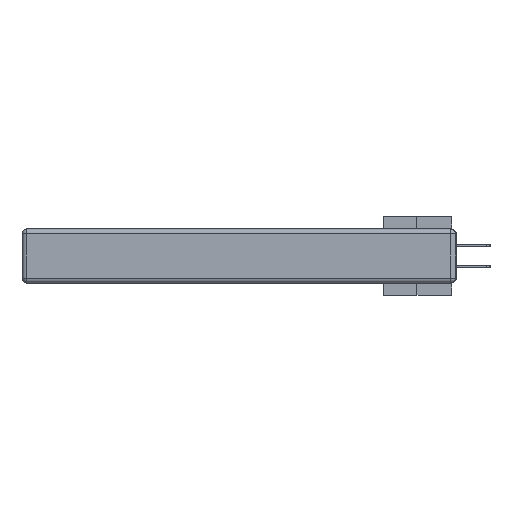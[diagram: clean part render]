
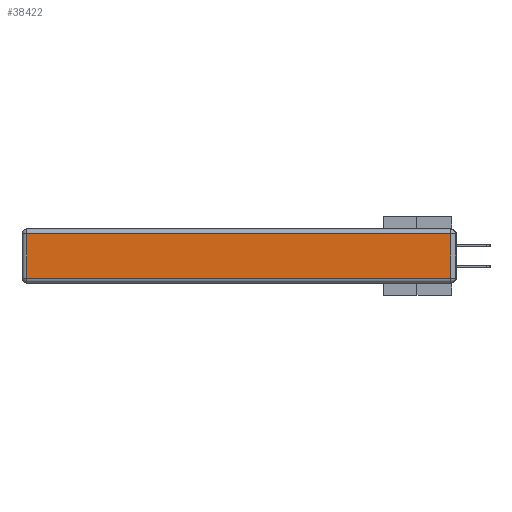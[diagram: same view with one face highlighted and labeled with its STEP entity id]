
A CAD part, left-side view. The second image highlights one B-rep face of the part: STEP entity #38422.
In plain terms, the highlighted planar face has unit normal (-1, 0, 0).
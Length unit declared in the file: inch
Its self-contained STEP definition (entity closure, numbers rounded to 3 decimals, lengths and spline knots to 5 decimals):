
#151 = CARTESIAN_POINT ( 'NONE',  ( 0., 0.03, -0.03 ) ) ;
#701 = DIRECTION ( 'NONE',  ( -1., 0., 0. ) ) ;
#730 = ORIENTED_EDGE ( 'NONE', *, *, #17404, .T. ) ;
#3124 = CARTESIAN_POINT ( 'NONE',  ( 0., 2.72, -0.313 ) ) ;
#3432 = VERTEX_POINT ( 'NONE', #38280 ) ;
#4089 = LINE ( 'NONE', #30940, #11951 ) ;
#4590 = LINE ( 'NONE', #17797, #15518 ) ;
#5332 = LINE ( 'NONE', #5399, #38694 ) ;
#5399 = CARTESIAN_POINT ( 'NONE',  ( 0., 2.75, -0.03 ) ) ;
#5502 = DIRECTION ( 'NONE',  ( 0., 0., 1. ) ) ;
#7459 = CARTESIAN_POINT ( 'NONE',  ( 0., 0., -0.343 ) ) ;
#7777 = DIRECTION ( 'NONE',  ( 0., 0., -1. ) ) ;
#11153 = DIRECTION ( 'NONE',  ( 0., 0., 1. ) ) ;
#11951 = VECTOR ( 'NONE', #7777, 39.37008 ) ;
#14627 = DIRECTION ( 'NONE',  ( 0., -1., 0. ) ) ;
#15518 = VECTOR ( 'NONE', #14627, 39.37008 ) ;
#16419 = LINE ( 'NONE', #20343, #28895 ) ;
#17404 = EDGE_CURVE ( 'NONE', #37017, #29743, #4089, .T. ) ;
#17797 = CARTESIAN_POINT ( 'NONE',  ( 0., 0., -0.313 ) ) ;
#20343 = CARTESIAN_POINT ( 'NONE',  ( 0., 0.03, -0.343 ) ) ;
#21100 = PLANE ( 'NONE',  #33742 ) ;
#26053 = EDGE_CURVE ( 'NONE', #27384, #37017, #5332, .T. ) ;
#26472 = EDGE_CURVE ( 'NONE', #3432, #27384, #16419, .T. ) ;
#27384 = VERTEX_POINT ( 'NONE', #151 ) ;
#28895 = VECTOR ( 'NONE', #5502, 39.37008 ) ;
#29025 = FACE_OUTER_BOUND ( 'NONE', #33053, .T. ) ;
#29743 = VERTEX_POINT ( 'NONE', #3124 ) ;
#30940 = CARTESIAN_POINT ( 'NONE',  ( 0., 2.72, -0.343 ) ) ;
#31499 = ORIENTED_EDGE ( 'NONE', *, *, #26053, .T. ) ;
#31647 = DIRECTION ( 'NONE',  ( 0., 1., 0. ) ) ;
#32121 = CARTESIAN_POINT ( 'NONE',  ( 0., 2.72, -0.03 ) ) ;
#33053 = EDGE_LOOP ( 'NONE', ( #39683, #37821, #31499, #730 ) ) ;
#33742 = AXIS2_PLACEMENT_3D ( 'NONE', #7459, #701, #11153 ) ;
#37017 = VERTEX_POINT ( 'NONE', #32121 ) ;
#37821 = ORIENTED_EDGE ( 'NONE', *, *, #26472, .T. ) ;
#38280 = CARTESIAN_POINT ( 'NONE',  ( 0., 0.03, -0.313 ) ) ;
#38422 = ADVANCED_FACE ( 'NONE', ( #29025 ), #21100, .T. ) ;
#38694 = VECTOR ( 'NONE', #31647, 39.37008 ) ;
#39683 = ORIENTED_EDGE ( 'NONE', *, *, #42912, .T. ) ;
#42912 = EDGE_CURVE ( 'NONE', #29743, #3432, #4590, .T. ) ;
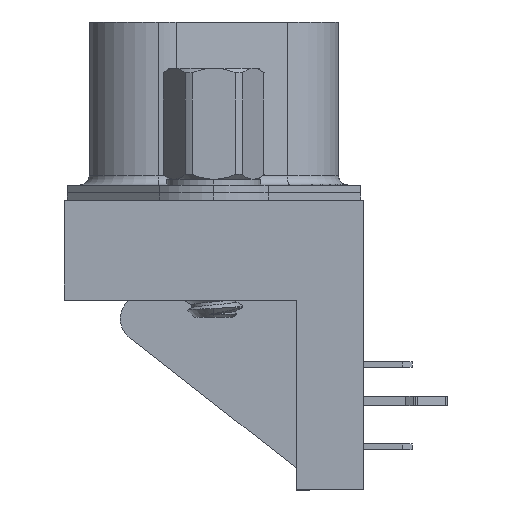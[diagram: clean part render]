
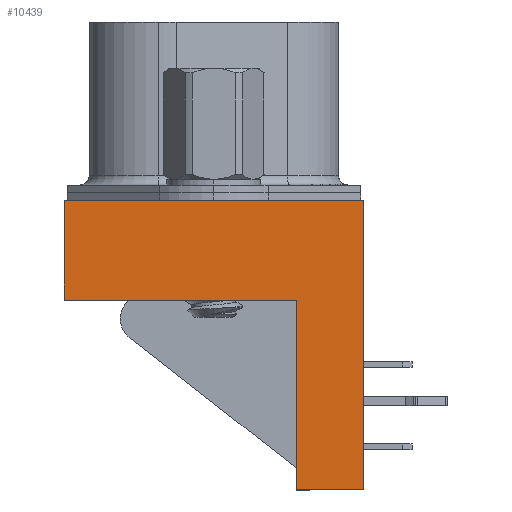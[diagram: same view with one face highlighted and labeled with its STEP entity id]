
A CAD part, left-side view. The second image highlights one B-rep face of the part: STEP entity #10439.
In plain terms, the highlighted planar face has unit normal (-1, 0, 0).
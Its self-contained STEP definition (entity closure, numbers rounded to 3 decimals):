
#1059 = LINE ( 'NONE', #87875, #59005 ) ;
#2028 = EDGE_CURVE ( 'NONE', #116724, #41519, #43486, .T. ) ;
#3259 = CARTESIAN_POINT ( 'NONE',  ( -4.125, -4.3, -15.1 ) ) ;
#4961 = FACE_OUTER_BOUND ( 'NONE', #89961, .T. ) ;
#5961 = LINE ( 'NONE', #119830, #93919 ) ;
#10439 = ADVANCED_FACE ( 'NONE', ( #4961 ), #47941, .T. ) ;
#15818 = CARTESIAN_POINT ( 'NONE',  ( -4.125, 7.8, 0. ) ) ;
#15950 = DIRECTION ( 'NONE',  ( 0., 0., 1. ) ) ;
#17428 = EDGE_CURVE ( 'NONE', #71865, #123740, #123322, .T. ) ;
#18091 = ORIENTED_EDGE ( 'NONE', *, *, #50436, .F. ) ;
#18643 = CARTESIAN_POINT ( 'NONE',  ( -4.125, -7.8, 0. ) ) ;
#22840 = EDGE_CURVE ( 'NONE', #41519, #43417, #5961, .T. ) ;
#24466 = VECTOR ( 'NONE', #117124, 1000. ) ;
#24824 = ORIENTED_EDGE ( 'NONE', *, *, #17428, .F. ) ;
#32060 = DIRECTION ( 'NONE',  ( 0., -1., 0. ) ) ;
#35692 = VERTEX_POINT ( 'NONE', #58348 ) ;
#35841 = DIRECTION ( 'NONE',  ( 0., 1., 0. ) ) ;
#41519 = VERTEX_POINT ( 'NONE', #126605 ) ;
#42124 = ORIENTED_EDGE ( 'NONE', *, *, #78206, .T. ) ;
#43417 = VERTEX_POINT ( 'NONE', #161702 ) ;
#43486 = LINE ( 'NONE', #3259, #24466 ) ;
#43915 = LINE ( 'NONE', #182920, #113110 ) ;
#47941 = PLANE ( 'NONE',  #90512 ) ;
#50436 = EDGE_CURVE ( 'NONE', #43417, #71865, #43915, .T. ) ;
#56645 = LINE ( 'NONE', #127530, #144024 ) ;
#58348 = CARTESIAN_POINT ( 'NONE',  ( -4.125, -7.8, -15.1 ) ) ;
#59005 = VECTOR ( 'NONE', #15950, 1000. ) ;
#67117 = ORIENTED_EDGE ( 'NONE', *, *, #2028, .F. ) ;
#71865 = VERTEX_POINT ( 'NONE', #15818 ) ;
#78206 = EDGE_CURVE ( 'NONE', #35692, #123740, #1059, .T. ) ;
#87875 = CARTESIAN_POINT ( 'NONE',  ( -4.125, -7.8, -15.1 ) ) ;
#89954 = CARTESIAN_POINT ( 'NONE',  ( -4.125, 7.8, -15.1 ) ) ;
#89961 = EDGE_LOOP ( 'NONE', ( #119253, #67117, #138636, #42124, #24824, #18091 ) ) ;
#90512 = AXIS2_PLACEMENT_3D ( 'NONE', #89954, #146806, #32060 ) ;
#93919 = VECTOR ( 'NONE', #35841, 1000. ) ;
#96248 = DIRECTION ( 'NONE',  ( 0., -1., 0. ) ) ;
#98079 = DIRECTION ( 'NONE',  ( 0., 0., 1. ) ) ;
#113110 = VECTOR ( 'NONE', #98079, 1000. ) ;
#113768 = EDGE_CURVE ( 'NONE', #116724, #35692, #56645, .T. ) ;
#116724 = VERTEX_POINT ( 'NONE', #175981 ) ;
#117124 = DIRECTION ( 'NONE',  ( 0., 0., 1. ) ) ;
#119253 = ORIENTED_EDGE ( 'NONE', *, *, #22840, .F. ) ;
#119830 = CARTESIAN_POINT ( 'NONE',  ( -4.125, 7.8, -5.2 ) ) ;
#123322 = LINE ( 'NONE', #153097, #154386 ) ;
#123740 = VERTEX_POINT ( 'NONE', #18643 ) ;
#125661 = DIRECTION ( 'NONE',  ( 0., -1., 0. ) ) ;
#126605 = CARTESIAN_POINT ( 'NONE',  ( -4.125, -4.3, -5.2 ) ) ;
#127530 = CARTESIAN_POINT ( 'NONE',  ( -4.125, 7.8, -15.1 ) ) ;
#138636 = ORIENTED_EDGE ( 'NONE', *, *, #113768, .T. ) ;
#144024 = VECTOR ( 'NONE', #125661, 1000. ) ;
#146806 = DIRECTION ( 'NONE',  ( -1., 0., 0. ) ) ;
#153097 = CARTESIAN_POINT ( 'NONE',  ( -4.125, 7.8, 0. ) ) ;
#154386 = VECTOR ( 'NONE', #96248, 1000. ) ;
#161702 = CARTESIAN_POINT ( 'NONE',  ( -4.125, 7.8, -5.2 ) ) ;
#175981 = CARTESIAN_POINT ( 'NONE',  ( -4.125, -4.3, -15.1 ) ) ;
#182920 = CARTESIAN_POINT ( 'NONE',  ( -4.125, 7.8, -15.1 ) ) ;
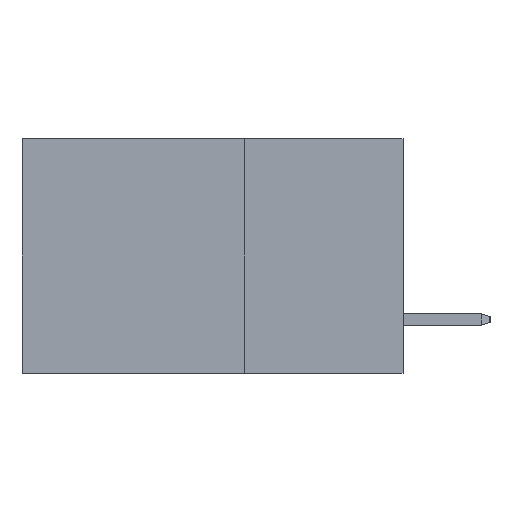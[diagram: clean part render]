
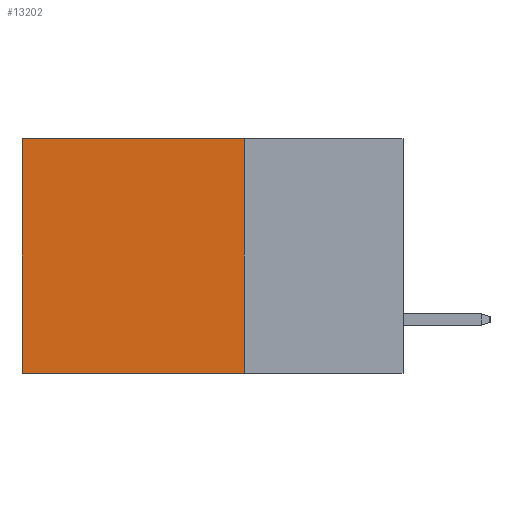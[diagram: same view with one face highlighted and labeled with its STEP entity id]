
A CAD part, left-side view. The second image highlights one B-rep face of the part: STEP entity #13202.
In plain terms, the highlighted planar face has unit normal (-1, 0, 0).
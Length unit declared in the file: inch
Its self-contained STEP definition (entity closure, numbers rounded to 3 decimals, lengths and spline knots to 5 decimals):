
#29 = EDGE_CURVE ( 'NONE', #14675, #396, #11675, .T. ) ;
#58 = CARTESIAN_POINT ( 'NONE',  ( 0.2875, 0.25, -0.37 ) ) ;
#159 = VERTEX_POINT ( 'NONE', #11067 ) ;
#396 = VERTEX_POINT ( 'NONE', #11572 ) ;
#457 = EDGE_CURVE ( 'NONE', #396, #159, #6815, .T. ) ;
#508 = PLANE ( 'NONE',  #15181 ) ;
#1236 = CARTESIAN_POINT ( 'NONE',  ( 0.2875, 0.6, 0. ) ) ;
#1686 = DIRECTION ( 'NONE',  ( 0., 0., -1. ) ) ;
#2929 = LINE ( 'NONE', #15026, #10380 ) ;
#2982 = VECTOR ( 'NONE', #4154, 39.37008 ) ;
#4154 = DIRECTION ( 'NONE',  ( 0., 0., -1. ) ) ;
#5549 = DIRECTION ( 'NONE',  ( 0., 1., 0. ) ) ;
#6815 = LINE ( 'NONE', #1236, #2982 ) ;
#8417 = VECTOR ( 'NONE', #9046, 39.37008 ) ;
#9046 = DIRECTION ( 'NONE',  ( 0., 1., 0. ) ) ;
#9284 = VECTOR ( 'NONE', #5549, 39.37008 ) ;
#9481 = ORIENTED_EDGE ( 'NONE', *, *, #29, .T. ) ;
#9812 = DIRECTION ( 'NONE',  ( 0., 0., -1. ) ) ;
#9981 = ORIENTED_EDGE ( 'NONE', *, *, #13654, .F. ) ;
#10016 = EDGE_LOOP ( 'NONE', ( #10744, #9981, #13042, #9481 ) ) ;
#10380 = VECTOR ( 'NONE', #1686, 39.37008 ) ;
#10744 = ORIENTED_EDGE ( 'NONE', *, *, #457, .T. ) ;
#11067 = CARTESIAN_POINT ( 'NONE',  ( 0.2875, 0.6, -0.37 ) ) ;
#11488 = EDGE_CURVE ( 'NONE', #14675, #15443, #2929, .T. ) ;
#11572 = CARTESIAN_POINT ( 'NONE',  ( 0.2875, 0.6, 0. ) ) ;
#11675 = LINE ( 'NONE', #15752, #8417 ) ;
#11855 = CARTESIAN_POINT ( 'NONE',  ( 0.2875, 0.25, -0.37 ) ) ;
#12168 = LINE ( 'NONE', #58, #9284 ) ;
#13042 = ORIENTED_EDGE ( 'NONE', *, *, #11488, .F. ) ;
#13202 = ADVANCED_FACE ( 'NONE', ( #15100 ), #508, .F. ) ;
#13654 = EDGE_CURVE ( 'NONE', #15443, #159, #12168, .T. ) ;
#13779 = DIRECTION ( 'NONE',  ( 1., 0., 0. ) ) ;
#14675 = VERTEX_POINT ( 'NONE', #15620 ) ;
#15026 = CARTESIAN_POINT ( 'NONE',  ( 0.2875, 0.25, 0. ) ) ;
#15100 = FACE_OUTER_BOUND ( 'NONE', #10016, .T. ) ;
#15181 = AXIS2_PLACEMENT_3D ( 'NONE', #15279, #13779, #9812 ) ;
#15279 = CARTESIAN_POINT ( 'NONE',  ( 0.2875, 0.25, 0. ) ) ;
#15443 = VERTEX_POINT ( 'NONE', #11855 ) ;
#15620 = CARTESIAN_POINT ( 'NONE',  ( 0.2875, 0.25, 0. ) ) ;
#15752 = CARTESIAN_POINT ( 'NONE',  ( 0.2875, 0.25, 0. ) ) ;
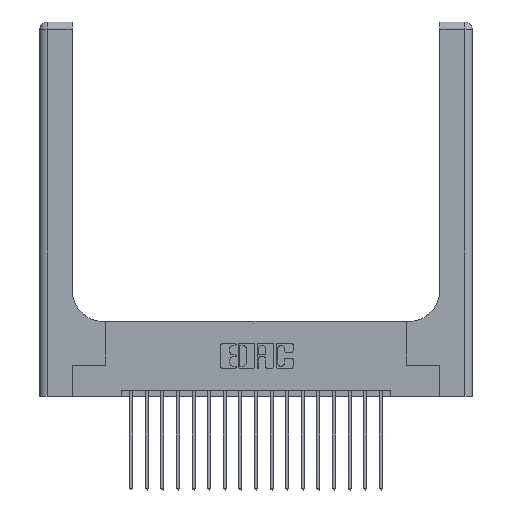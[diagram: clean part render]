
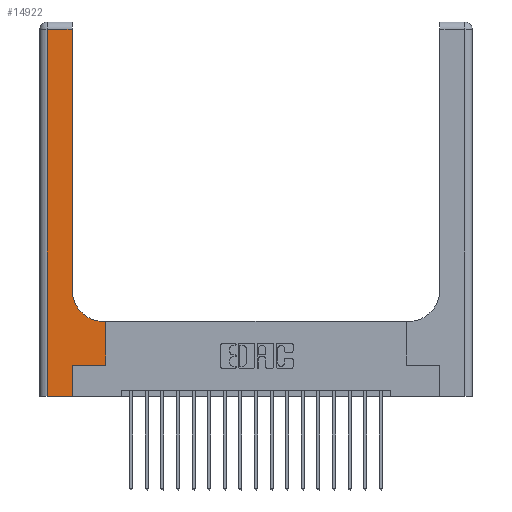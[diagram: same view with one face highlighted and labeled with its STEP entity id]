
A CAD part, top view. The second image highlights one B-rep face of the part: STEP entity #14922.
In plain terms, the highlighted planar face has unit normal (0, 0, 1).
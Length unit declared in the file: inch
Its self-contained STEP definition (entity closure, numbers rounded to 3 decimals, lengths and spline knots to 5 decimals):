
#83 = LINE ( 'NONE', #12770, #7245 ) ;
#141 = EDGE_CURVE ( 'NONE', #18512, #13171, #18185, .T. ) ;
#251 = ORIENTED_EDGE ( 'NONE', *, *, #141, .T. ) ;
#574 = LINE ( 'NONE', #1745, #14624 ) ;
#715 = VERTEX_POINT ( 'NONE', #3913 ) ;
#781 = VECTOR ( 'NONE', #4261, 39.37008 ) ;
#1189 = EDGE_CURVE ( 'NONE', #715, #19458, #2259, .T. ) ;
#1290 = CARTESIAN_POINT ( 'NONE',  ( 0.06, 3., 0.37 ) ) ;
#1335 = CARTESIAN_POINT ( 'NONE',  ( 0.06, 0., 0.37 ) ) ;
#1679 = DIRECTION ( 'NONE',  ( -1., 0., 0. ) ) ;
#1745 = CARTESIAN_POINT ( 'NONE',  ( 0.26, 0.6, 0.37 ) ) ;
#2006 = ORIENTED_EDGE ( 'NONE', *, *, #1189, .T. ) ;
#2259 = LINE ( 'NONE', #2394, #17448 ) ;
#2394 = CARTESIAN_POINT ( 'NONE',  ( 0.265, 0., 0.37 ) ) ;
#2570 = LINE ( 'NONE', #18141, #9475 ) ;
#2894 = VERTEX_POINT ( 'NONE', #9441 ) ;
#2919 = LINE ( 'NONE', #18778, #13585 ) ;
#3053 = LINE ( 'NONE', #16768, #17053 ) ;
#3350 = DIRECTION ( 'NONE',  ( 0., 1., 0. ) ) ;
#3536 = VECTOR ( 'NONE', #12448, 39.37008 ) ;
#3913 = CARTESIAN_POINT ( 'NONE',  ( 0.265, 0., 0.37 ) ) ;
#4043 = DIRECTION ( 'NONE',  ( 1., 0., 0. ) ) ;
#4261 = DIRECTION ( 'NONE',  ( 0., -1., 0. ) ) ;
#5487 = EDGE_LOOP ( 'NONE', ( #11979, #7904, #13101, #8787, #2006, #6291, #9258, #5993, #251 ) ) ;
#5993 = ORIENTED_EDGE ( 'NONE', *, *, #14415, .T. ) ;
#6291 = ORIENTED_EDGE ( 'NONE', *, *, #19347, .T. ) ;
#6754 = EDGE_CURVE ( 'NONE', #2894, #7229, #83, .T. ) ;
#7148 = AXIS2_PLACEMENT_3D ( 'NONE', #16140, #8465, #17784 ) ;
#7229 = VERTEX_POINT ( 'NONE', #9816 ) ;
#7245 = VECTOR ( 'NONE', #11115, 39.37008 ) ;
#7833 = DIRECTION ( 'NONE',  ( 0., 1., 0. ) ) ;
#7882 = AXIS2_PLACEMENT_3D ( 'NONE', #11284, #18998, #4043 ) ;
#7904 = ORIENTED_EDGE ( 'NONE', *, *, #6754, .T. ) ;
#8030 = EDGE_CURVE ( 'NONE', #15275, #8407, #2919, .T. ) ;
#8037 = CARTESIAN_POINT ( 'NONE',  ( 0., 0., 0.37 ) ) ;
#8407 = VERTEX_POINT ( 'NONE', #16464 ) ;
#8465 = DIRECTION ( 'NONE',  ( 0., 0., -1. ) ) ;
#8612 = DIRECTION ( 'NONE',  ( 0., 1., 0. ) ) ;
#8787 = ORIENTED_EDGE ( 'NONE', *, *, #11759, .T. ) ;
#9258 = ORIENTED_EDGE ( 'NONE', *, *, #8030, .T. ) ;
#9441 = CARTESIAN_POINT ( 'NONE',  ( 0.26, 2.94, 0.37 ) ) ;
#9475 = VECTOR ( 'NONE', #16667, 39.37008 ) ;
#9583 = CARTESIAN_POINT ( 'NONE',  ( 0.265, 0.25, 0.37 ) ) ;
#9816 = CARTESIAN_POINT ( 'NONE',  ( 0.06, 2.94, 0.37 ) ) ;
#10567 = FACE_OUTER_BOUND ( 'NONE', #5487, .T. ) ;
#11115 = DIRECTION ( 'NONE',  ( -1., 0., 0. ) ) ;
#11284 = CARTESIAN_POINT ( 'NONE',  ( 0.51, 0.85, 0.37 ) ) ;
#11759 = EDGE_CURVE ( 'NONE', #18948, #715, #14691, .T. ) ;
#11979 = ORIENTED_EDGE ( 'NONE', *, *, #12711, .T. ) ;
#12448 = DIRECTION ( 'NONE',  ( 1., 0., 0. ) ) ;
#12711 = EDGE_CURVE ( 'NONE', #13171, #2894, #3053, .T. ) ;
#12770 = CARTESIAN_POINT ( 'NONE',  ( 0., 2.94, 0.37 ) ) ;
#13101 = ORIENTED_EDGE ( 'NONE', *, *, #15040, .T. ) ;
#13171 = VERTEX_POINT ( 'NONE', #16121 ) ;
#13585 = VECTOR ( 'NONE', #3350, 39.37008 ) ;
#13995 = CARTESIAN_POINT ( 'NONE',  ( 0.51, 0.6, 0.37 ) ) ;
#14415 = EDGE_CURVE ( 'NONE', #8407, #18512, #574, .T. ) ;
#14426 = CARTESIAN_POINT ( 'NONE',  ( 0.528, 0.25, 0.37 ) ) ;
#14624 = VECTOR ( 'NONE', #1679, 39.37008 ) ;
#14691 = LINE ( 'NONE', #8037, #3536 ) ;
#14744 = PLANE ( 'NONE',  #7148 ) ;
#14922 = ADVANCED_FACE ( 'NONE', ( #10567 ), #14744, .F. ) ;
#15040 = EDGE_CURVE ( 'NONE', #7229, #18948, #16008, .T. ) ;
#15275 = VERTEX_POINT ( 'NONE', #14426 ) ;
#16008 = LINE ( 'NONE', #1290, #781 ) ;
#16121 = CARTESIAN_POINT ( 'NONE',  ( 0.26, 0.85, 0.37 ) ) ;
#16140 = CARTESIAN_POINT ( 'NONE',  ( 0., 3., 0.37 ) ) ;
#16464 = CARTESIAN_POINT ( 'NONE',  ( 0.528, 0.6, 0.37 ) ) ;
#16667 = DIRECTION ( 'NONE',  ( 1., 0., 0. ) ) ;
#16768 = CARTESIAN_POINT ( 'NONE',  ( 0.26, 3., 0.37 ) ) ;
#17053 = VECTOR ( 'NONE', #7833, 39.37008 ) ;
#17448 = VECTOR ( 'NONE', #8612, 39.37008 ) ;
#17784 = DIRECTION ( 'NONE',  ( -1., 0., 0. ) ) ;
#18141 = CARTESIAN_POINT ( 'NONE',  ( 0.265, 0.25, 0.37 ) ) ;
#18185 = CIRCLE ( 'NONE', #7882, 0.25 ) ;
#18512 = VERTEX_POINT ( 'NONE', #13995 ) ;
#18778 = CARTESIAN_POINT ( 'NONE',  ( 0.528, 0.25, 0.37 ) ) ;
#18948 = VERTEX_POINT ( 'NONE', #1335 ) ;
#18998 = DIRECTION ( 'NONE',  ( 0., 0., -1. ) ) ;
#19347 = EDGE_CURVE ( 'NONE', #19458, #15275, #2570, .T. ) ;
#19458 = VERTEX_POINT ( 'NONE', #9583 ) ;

^^^^^^^^^^^^^^^^

YOUR OBJECTIVE: Please retype exactly the line containing "#18778 = CARTESIAN_POINT" and each line after it to the end of the records, and nothing more.

TASK RESPONSE:
#18778 = CARTESIAN_POINT ( 'NONE',  ( 0.528, 0.25, 0.37 ) ) ;
#18948 = VERTEX_POINT ( 'NONE', #1335 ) ;
#18998 = DIRECTION ( 'NONE',  ( 0., 0., -1. ) ) ;
#19347 = EDGE_CURVE ( 'NONE', #19458, #15275, #2570, .T. ) ;
#19458 = VERTEX_POINT ( 'NONE', #9583 ) ;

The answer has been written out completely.